◆ **What needs to be done**: Within the data below, state how many lines contain the string "units". Provide the number only.

◆ **Information shown**:
• • •
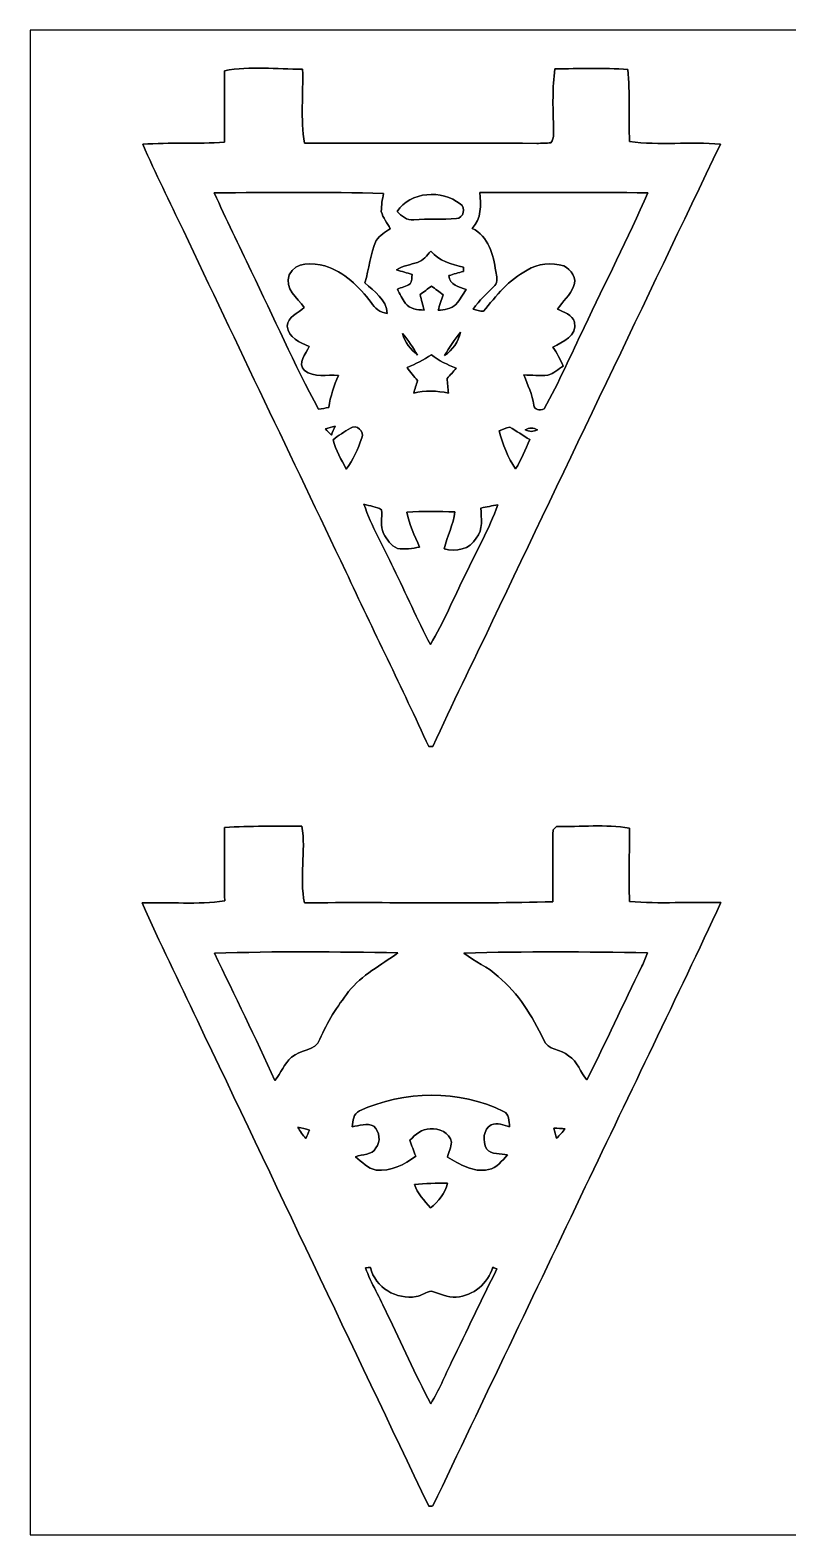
# Model space of a CAD drawing. Header units: centimetres. Extents: x -16.8 to 16.8, y -16.7 to 16.7.
# Drawn here: x -16.77 to 0, y -16.67 to 16.67 of the extents above; entities that cross this region are included whole.
import ezdxf

# ---------------------------------------------------------------- set-up
doc = ezdxf.new("R2010")
doc.units = ezdxf.units.CM
doc.header["$MEASUREMENT"] = 0
doc.layers.add('Layer 1', color=7, linetype='Continuous')

msp = doc.modelspace()

# ---------------------------------------------------------------- linework, layer by layer
at = {"layer": 'Layer 1', "color": 7}
for points, knots in [([(-16.77458, 16.66875), (-16.77458, 16.66875), (16.77458, 16.66875), (16.77458, 16.66875), (16.77458, 16.66875), (16.77458, 16.66875), (16.77458, -16.66875), (16.77458, -16.66875), (16.77458, -16.66875), (16.77458, -16.66875), (-16.77458, -16.66875), (-16.77458, -16.66875), (-16.77458, -16.66875), (-16.77458, -16.66875), (-16.77458, 16.66875), (-16.77458, 16.66875), (-16.77458, 16.66875), (-16.77458, 16.66875), (-16.77458, 16.66875), (-16.77458, 16.66875)], [0, 0, 0, 0, 0.16666667, 0.16666667, 0.16666667, 0.16666667, 0.33333333, 0.33333333, 0.33333333, 0.33333333, 0.5, 0.5, 0.5, 0.5, 0.66666667, 0.66666667, 0.66666667, 0.66666667, 1, 1, 1, 1]), ([(-12.47211, 15.76811), (-12.46999, 15.24071), (-12.46999, 14.7133), (-12.47211, 14.18555), (-12.47211, 14.18555), (-13.0743, 14.14357), (-13.67931, 14.18343), (-14.2815, 14.13863), (-14.2815, 14.13863), (-14.00034, 13.4934), (-13.68496, 12.86369), (-13.38263, 12.22798), (-13.38263, 12.22798), (-12.18847, 9.7088), (-10.98726, 7.19279), (-9.78641, 4.67642), (-9.78641, 4.67642), (-9.18457, 3.37785), (-8.5404, 2.09868), (-7.95161, 0.79446), (-7.95161, 0.79446), (-7.92798, 0.79516), (-7.88035, 0.79692), (-7.85671, 0.79798), (-7.85671, 0.79798), (-7.43832, 1.7339), (-6.97583, 2.65007), (-6.54015, 3.57823), (-6.54015, 3.57823), (-4.85704, 7.09895), (-3.17712, 10.62073), (-1.49296, 14.14074), (-1.49296, 14.14074), (-2.16253, 14.1986), (-2.8388, 14.11358), (-3.5052, 14.1986), (-3.5052, 14.1986), (-3.52566, 14.73129), (-3.49673, 15.26611), (-3.54048, 15.79845), (-3.54048, 15.79845), (-4.08023, 15.83267), (-4.62104, 15.81609), (-5.16114, 15.80762), (-5.16114, 15.80762), (-5.21018, 15.39099), (-5.20347, 14.97048), (-5.18936, 14.55173), (-5.18936, 14.55173), (-5.19077, 14.42932), (-5.16149, 14.28044), (-5.24475, 14.17426), (-5.24475, 14.17426), (-5.34599, 14.15309), (-5.45465, 14.16403), (-5.5559, 14.15874), (-5.5559, 14.15874), (-7.27075, 14.1672), (-8.9856, 14.16614), (-10.70046, 14.1605), (-10.70046, 14.1605), (-10.79077, 14.7006), (-10.72621, 15.25517), (-10.74173, 15.80021), (-10.74173, 15.80021), (-11.31711, 15.8055), (-11.90308, 15.87782), (-12.47211, 15.76811), (-12.47211, 15.76811), (-12.47211, 15.76811), (-12.47211, 15.76811), (-12.47211, 15.76811)], [0, 0, 0, 0, 0.05263158, 0.05263158, 0.05263158, 0.05263158, 0.10526316, 0.10526316, 0.10526316, 0.10526316, 0.15789474, 0.15789474, 0.15789474, 0.15789474, 0.21052632, 0.21052632, 0.21052632, 0.21052632, 0.26315789, 0.26315789, 0.26315789, 0.26315789, 0.31578947, 0.31578947, 0.31578947, 0.31578947, 0.36842105, 0.36842105, 0.36842105, 0.36842105, 0.42105263, 0.42105263, 0.42105263, 0.42105263, 0.47368421, 0.47368421, 0.47368421, 0.47368421, 0.52631579, 0.52631579, 0.52631579, 0.52631579, 0.57894737, 0.57894737, 0.57894737, 0.57894737, 0.63157895, 0.63157895, 0.63157895, 0.63157895, 0.68421053, 0.68421053, 0.68421053, 0.68421053, 0.73684211, 0.73684211, 0.73684211, 0.73684211, 0.78947368, 0.78947368, 0.78947368, 0.78947368, 0.84210526, 0.84210526, 0.84210526, 0.84210526, 0.89473684, 0.89473684, 0.89473684, 0.89473684, 1, 1, 1, 1]), ([(-12.69753, 13.06442), (-11.44905, 13.06583), (-10.19951, 13.09335), (-8.95174, 13.04854), (-8.95174, 13.04854), (-8.97643, 12.91766), (-9.00183, 12.78537), (-9.00007, 12.65132), (-9.00007, 12.65132), (-8.96691, 12.51056), (-8.86883, 12.39626), (-8.80251, 12.26961), (-8.80251, 12.26961), (-8.91328, 12.19341), (-9.03076, 12.11897), (-9.11084, 12.00891), (-9.11084, 12.00891), (-9.25019, 11.71257), (-9.26853, 11.3792), (-9.36449, 11.06876), (-9.36449, 11.06876), (-9.15882, 10.8839), (-8.88118, 10.69904), (-8.87236, 10.39213), (-8.87236, 10.39213), (-9.02864, 10.40941), (-9.14471, 10.51066), (-9.22584, 10.63484), (-9.22584, 10.63484), (-9.49078, 10.98338), (-9.82274, 11.31464), (-10.25102, 11.44552), (-10.25102, 11.44552), (-10.51842, 11.50902), (-10.89519, 11.54889), (-11.03877, 11.24938), (-11.03877, 11.24938), (-11.1566, 10.93717), (-10.85885, 10.74244), (-10.70575, 10.52019), (-10.70575, 10.52019), (-10.84157, 10.39601), (-11.07087, 10.32087), (-11.08287, 10.10744), (-11.08287, 10.10744), (-11.05958, 9.85591), (-10.80311, 9.74266), (-10.5978, 9.66223), (-10.5978, 9.66223), (-10.66271, 9.49466), (-10.87332, 9.28864), (-10.69904, 9.12742), (-10.69904, 9.12742), (-10.49091, 8.96091), (-10.20022, 9.04275), (-9.95151, 9.01912), (-9.95151, 9.01912), (-10.04111, 8.78805), (-10.13425, 8.55662), (-10.16035, 8.30756), (-10.16035, 8.30756), (-10.23726, 8.29451), (-10.31416, 8.28146), (-10.39072, 8.26841), (-10.39072, 8.26841), (-10.92588, 9.26994), (-11.38731, 10.30922), (-11.88085, 11.33158), (-11.88085, 11.33158), (-12.15249, 11.90978), (-12.43965, 12.48022), (-12.69753, 13.06442)], [0, 0, 0, 0, 0.05263158, 0.05263158, 0.05263158, 0.05263158, 0.10526316, 0.10526316, 0.10526316, 0.10526316, 0.15789474, 0.15789474, 0.15789474, 0.15789474, 0.21052632, 0.21052632, 0.21052632, 0.21052632, 0.26315789, 0.26315789, 0.26315789, 0.26315789, 0.31578947, 0.31578947, 0.31578947, 0.31578947, 0.36842105, 0.36842105, 0.36842105, 0.36842105, 0.42105263, 0.42105263, 0.42105263, 0.42105263, 0.47368421, 0.47368421, 0.47368421, 0.47368421, 0.52631579, 0.52631579, 0.52631579, 0.52631579, 0.57894737, 0.57894737, 0.57894737, 0.57894737, 0.63157895, 0.63157895, 0.63157895, 0.63157895, 0.68421053, 0.68421053, 0.68421053, 0.68421053, 0.73684211, 0.73684211, 0.73684211, 0.73684211, 0.78947368, 0.78947368, 0.78947368, 0.78947368, 0.84210526, 0.84210526, 0.84210526, 0.84210526, 0.89473684, 0.89473684, 0.89473684, 0.89473684, 1, 1, 1, 1]), ([(-8.65152, 12.65096), (-8.36048, 13.09899), (-7.65457, 13.1378), (-7.25452, 12.81853), (-7.25452, 12.81853), (-7.12258, 12.73457), (-7.17973, 12.50386), (-7.3339, 12.49186), (-7.3339, 12.49186), (-7.64963, 12.46964), (-7.96608, 12.49539), (-8.28146, 12.4654), (-8.28146, 12.4654), (-8.43809, 12.44812), (-8.55098, 12.55077), (-8.65152, 12.65096)], [0, 0, 0, 0, 0.2, 0.2, 0.2, 0.2, 0.4, 0.4, 0.4, 0.4, 0.6, 0.6, 0.6, 0.6, 1, 1, 1, 1]), ([(-6.81637, 13.06971), (-5.57812, 13.06795), (-4.33952, 13.07747), (-3.10092, 13.06407), (-3.10092, 13.06407), (-3.5373, 12.05512), (-4.0446, 11.07863), (-4.50709, 10.08133), (-4.50709, 10.08133), (-4.80272, 9.4802), (-5.06695, 8.86248), (-5.39433, 8.27758), (-5.39433, 8.27758), (-5.50157, 8.2423), (-5.60917, 8.24724), (-5.62187, 8.36083), (-5.62187, 8.36083), (-5.65679, 8.59472), (-5.76404, 8.8071), (-5.84165, 9.02829), (-5.84165, 9.02829), (-5.66561, 9.02688), (-5.48922, 9.00853), (-5.31354, 9.02406), (-5.31354, 9.02406), (-5.18372, 9.05651), (-5.08494, 9.15741), (-4.97381, 9.22655), (-4.97381, 9.22655), (-5.03661, 9.37331), (-5.11493, 9.5123), (-5.20206, 9.646), (-5.20206, 9.646), (-4.98263, 9.76066), (-4.66161, 9.89365), (-4.72158, 10.19986), (-4.72158, 10.19986), (-4.77767, 10.36461), (-4.96111, 10.41823), (-5.10258, 10.48597), (-5.10258, 10.48597), (-4.98369, 10.65354), (-4.82177, 10.79641), (-4.74239, 10.98868), (-4.74239, 10.98868), (-4.6609, 11.16859), (-4.80131, 11.36438), (-4.95864, 11.44587), (-4.95864, 11.44587), (-5.22781, 11.52172), (-5.53297, 11.5002), (-5.77286, 11.34886), (-5.77286, 11.34886), (-6.17432, 11.13966), (-6.45971, 10.78159), (-6.74123, 10.43975), (-6.74123, 10.43975), (-6.81919, 10.43799), (-6.89328, 10.46551), (-6.96736, 10.48526), (-6.96736, 10.48526), (-6.83401, 10.68176), (-6.65374, 10.83769), (-6.49005, 11.00737), (-6.49005, 11.00737), (-6.4008, 11.09274), (-6.45301, 11.2201), (-6.46748, 11.32381), (-6.46748, 11.32381), (-6.51616, 11.68753), (-6.6294, 12.10557), (-6.98888, 12.27667), (-6.98888, 12.27667), (-6.77545, 12.49151), (-6.79944, 12.79207), (-6.81637, 13.06971)], [0, 0, 0, 0, 0.05, 0.05, 0.05, 0.05, 0.1, 0.1, 0.1, 0.1, 0.15, 0.15, 0.15, 0.15, 0.2, 0.2, 0.2, 0.2, 0.25, 0.25, 0.25, 0.25, 0.3, 0.3, 0.3, 0.3, 0.35, 0.35, 0.35, 0.35, 0.4, 0.4, 0.4, 0.4, 0.45, 0.45, 0.45, 0.45, 0.5, 0.5, 0.5, 0.5, 0.55, 0.55, 0.55, 0.55, 0.6, 0.6, 0.6, 0.6, 0.65, 0.65, 0.65, 0.65, 0.7, 0.7, 0.7, 0.7, 0.75, 0.75, 0.75, 0.75, 0.8, 0.8, 0.8, 0.8, 0.85, 0.85, 0.85, 0.85, 0.9, 0.9, 0.9, 0.9, 1, 1, 1, 1]), ([(-8.19891, 11.52172), (-8.07226, 11.56264), (-7.99077, 11.67412), (-7.9061, 11.76972), (-7.9061, 11.76972), (-7.72266, 11.551), (-7.44326, 11.48256), (-7.17762, 11.41518), (-7.17762, 11.41518), (-7.17938, 11.39155), (-7.18291, 11.34463), (-7.18432, 11.32099), (-7.18432, 11.32099), (-7.29192, 11.29312), (-7.3974, 11.26243), (-7.50323, 11.22962), (-7.50323, 11.22962), (-7.48348, 11.01619), (-7.28169, 10.98691), (-7.1247, 10.92306), (-7.1247, 10.92306), (-7.19243, 10.80841), (-7.2644, 10.69552), (-7.34695, 10.59145), (-7.34695, 10.59145), (-7.45173, 10.48773), (-7.60589, 10.47574), (-7.74453, 10.46127), (-7.74453, 10.46127), (-7.70749, 10.57592), (-7.66798, 10.68987), (-7.63094, 10.80417), (-7.63094, 10.80417), (-7.71701, 10.86838), (-7.80309, 10.93258), (-7.88917, 10.99644), (-7.88917, 10.99644), (-7.97313, 10.93364), (-8.05744, 10.87085), (-8.14105, 10.8077), (-8.14105, 10.8077), (-8.11248, 10.6934), (-8.08073, 10.58016), (-8.05286, 10.46586), (-8.05286, 10.46586), (-8.20138, 10.46833), (-8.3693, 10.49091), (-8.46808, 10.61508), (-8.46808, 10.61508), (-8.53475, 10.71563), (-8.58908, 10.82287), (-8.64517, 10.92906), (-8.64517, 10.92906), (-8.55098, 10.96786), (-8.45044, 10.99397), (-8.36154, 11.04547), (-8.36154, 11.04547), (-8.32309, 11.10827), (-8.3245, 11.18517), (-8.31533, 11.25608), (-8.31533, 11.25608), (-8.43139, 11.28748), (-8.54922, 11.32311), (-8.66387, 11.35662), (-8.66387, 11.35662), (-8.52382, 11.44834), (-8.35554, 11.47163), (-8.19891, 11.52172)], [0, 0, 0, 0, 0.05555556, 0.05555556, 0.05555556, 0.05555556, 0.11111111, 0.11111111, 0.11111111, 0.11111111, 0.16666667, 0.16666667, 0.16666667, 0.16666667, 0.22222222, 0.22222222, 0.22222222, 0.22222222, 0.27777778, 0.27777778, 0.27777778, 0.27777778, 0.33333333, 0.33333333, 0.33333333, 0.33333333, 0.38888889, 0.38888889, 0.38888889, 0.38888889, 0.44444444, 0.44444444, 0.44444444, 0.44444444, 0.5, 0.5, 0.5, 0.5, 0.55555556, 0.55555556, 0.55555556, 0.55555556, 0.61111111, 0.61111111, 0.61111111, 0.61111111, 0.66666667, 0.66666667, 0.66666667, 0.66666667, 0.72222222, 0.72222222, 0.72222222, 0.72222222, 0.77777778, 0.77777778, 0.77777778, 0.77777778, 0.83333333, 0.83333333, 0.83333333, 0.83333333, 0.88888889, 0.88888889, 0.88888889, 0.88888889, 1, 1, 1, 1]), ([(-8.52946, 9.9441), (-8.39788, 9.80052), (-8.2998, 9.63119), (-8.19714, 9.46644), (-8.19714, 9.46644), (-8.34637, 9.59485), (-8.48783, 9.74513), (-8.52946, 9.9441)], [0, 0, 0, 0, 0.33333333, 0.33333333, 0.33333333, 0.33333333, 1, 1, 1, 1]), ([(-7.59919, 9.45621), (-7.49159, 9.63648), (-7.38223, 9.81745), (-7.24394, 9.9762), (-7.24394, 9.9762), (-7.29333, 9.76454), (-7.42386, 9.5825), (-7.59919, 9.45621)], [0, 0, 0, 0, 0.33333333, 0.33333333, 0.33333333, 0.33333333, 1, 1, 1, 1]), ([(-8.42998, 9.19339), (-8.24195, 9.27206), (-8.05991, 9.36378), (-7.88917, 9.47491), (-7.88917, 9.47491), (-7.72724, 9.34226), (-7.53533, 9.26006), (-7.34413, 9.17998), (-7.34413, 9.17998), (-7.40833, 9.10167), (-7.47501, 9.02547), (-7.54556, 8.95279), (-7.54556, 8.95279), (-7.53639, 8.84449), (-7.52475, 8.73584), (-7.51628, 8.62718), (-7.51628, 8.62718), (-7.77028, 8.67657), (-8.03169, 8.69527), (-8.28393, 8.62542), (-8.28393, 8.62542), (-8.25712, 8.7189), (-8.22748, 8.81133), (-8.1982, 8.90376), (-8.1982, 8.90376), (-8.27652, 8.99971), (-8.3566, 9.09391), (-8.42998, 9.19339)], [0, 0, 0, 0, 0.125, 0.125, 0.125, 0.125, 0.25, 0.25, 0.25, 0.25, 0.375, 0.375, 0.375, 0.375, 0.5, 0.5, 0.5, 0.5, 0.625, 0.625, 0.625, 0.625, 0.75, 0.75, 0.75, 0.75, 1, 1, 1, 1]), ([(-10.23514, 7.83237), (-10.16564, 7.85495), (-10.09544, 7.87576), (-10.02453, 7.89517), (-10.02453, 7.89517), (-10.05064, 7.82814), (-10.07816, 7.76146), (-10.10638, 7.69549), (-10.10638, 7.69549), (-10.14977, 7.74065), (-10.19281, 7.78651), (-10.23514, 7.83237)], [0, 0, 0, 0, 0.25, 0.25, 0.25, 0.25, 0.5, 0.5, 0.5, 0.5, 1, 1, 1, 1]), ([(-9.68587, 7.8486), (-9.56134, 7.94879), (-9.3539, 7.77205), (-9.43151, 7.63235), (-9.43151, 7.63235), (-9.51971, 7.3914), (-9.61884, 7.14904), (-9.77724, 6.94478), (-9.77724, 6.94478), (-9.88554, 7.15504), (-10.0143, 7.36177), (-10.06863, 7.59319), (-10.06863, 7.59319), (-9.95151, 7.69302), (-9.81463, 7.7657), (-9.68587, 7.8486)], [0, 0, 0, 0, 0.2, 0.2, 0.2, 0.2, 0.4, 0.4, 0.4, 0.4, 0.6, 0.6, 0.6, 0.6, 1, 1, 1, 1]), ([(-6.39269, 7.79039), (-6.31613, 7.82108), (-6.24099, 7.86024), (-6.15844, 7.87153), (-6.15844, 7.87153), (-6.00498, 7.79004), (-5.86634, 7.68315), (-5.71465, 7.59777), (-5.71465, 7.59777), (-5.80919, 7.37623), (-5.90268, 7.15257), (-6.02686, 6.94549), (-6.02686, 6.94549), (-6.19654, 7.20302), (-6.31296, 7.49335), (-6.39269, 7.79039)], [0, 0, 0, 0, 0.2, 0.2, 0.2, 0.2, 0.4, 0.4, 0.4, 0.4, 0.6, 0.6, 0.6, 0.6, 1, 1, 1, 1]), ([(-5.81519, 7.81403), (-5.72805, 7.86059), (-5.63139, 7.86059), (-5.54426, 7.81403), (-5.54426, 7.81403), (-5.63139, 7.76746), (-5.72805, 7.76746), (-5.81519, 7.81403)], [0, 0, 0, 0, 0.33333333, 0.33333333, 0.33333333, 0.33333333, 1, 1, 1, 1]), ([(-9.38354, 6.16726), (-9.2583, 6.11999), (-9.10943, 6.11893), (-8.99583, 6.04238), (-8.99583, 6.04238), (-8.97467, 5.86775), (-9.0357, 5.67972), (-8.94891, 5.51709), (-8.94891, 5.51709), (-8.87413, 5.38868), (-8.79122, 5.24122), (-8.64411, 5.18583), (-8.64411, 5.18583), (-8.48007, 5.16537), (-8.31286, 5.17878), (-8.15234, 5.21511), (-8.15234, 5.21511), (-8.26523, 5.46664), (-8.38941, 5.71641), (-8.43421, 5.99158), (-8.43421, 5.99158), (-8.07967, 6.01169), (-7.72407, 6.0071), (-7.36918, 5.99511), (-7.36918, 5.99511), (-7.40728, 5.71147), (-7.54027, 5.455), (-7.61083, 5.18019), (-7.61083, 5.18019), (-7.35224, 5.10187), (-7.03615, 5.1622), (-6.89751, 5.41549), (-6.89751, 5.41549), (-6.74229, 5.60705), (-6.78886, 5.8547), (-6.79591, 6.08083), (-6.79591, 6.08083), (-6.67068, 6.10552), (-6.54509, 6.12951), (-6.4195, 6.15315), (-6.4195, 6.15315), (-6.61247, 5.61446), (-6.89822, 5.11563), (-7.14093, 4.59916), (-7.14093, 4.59916), (-7.40022, 4.08658), (-7.61577, 3.55), (-7.91245, 3.05753), (-7.91245, 3.05753), (-8.2102, 3.60751), (-8.44868, 4.18712), (-8.7309, 4.74486), (-8.7309, 4.74486), (-8.94891, 5.21829), (-9.22161, 5.66984), (-9.38354, 6.16726)], [0, 0, 0, 0, 0.06666667, 0.06666667, 0.06666667, 0.06666667, 0.13333333, 0.13333333, 0.13333333, 0.13333333, 0.2, 0.2, 0.2, 0.2, 0.26666667, 0.26666667, 0.26666667, 0.26666667, 0.33333333, 0.33333333, 0.33333333, 0.33333333, 0.4, 0.4, 0.4, 0.4, 0.46666667, 0.46666667, 0.46666667, 0.46666667, 0.53333333, 0.53333333, 0.53333333, 0.53333333, 0.6, 0.6, 0.6, 0.6, 0.66666667, 0.66666667, 0.66666667, 0.66666667, 0.73333333, 0.73333333, 0.73333333, 0.73333333, 0.8, 0.8, 0.8, 0.8, 0.86666667, 0.86666667, 0.86666667, 0.86666667, 1, 1, 1, 1]), ([(-12.46999, -0.99589), (-12.47105, -1.53776), (-12.4714, -2.07963), (-12.46717, -2.62184), (-12.46717, -2.62184), (-13.06865, -2.71604), (-13.6846, -2.64195), (-14.29103, -2.66841), (-14.29103, -2.66841), (-13.91426, -3.55036), (-13.47893, -4.40619), (-13.07077, -5.27403), (-13.07077, -5.27403), (-11.36368, -8.86037), (-9.65729, -12.44671), (-7.95161, -16.0334), (-7.95161, -16.0334), (-7.92833, -16.03199), (-7.88211, -16.02952), (-7.85883, -16.02811), (-7.85883, -16.02811), (-6.73806, -13.67049), (-5.60776, -11.31746), (-4.48416, -8.96091), (-4.48416, -8.96091), (-3.48509, -6.85976), (-2.46521, -4.76814), (-1.48167, -2.65994), (-1.48167, -2.65994), (-2.15724, -2.64019), (-2.83422, -2.69275), (-3.50943, -2.63807), (-3.50943, -2.63807), (-3.51084, -2.09585), (-3.5112, -1.55399), (-3.50661, -1.01177), (-3.50661, -1.01177), (-4.03966, -0.9211), (-4.58682, -0.98319), (-5.1248, -0.97543), (-5.1248, -0.97543), (-5.1495, -0.99977), (-5.17454, -1.02411), (-5.19924, -1.04881), (-5.19924, -1.04881), (-5.20524, -1.57939), (-5.20312, -2.11067), (-5.20488, -2.6416), (-5.20488, -2.6416), (-7.0358, -2.69558), (-8.86883, -2.64372), (-10.70046, -2.66735), (-10.70046, -2.66735), (-10.81758, -2.10749), (-10.66553, -1.52823), (-10.75761, -0.96767), (-10.75761, -0.96767), (-11.3284, -0.97084), (-11.8999, -0.9585), (-12.46999, -0.99589), (-12.46999, -0.99589), (-12.46999, -0.99589), (-12.46999, -0.99589), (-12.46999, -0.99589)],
• • •
◆ **Response box**: 2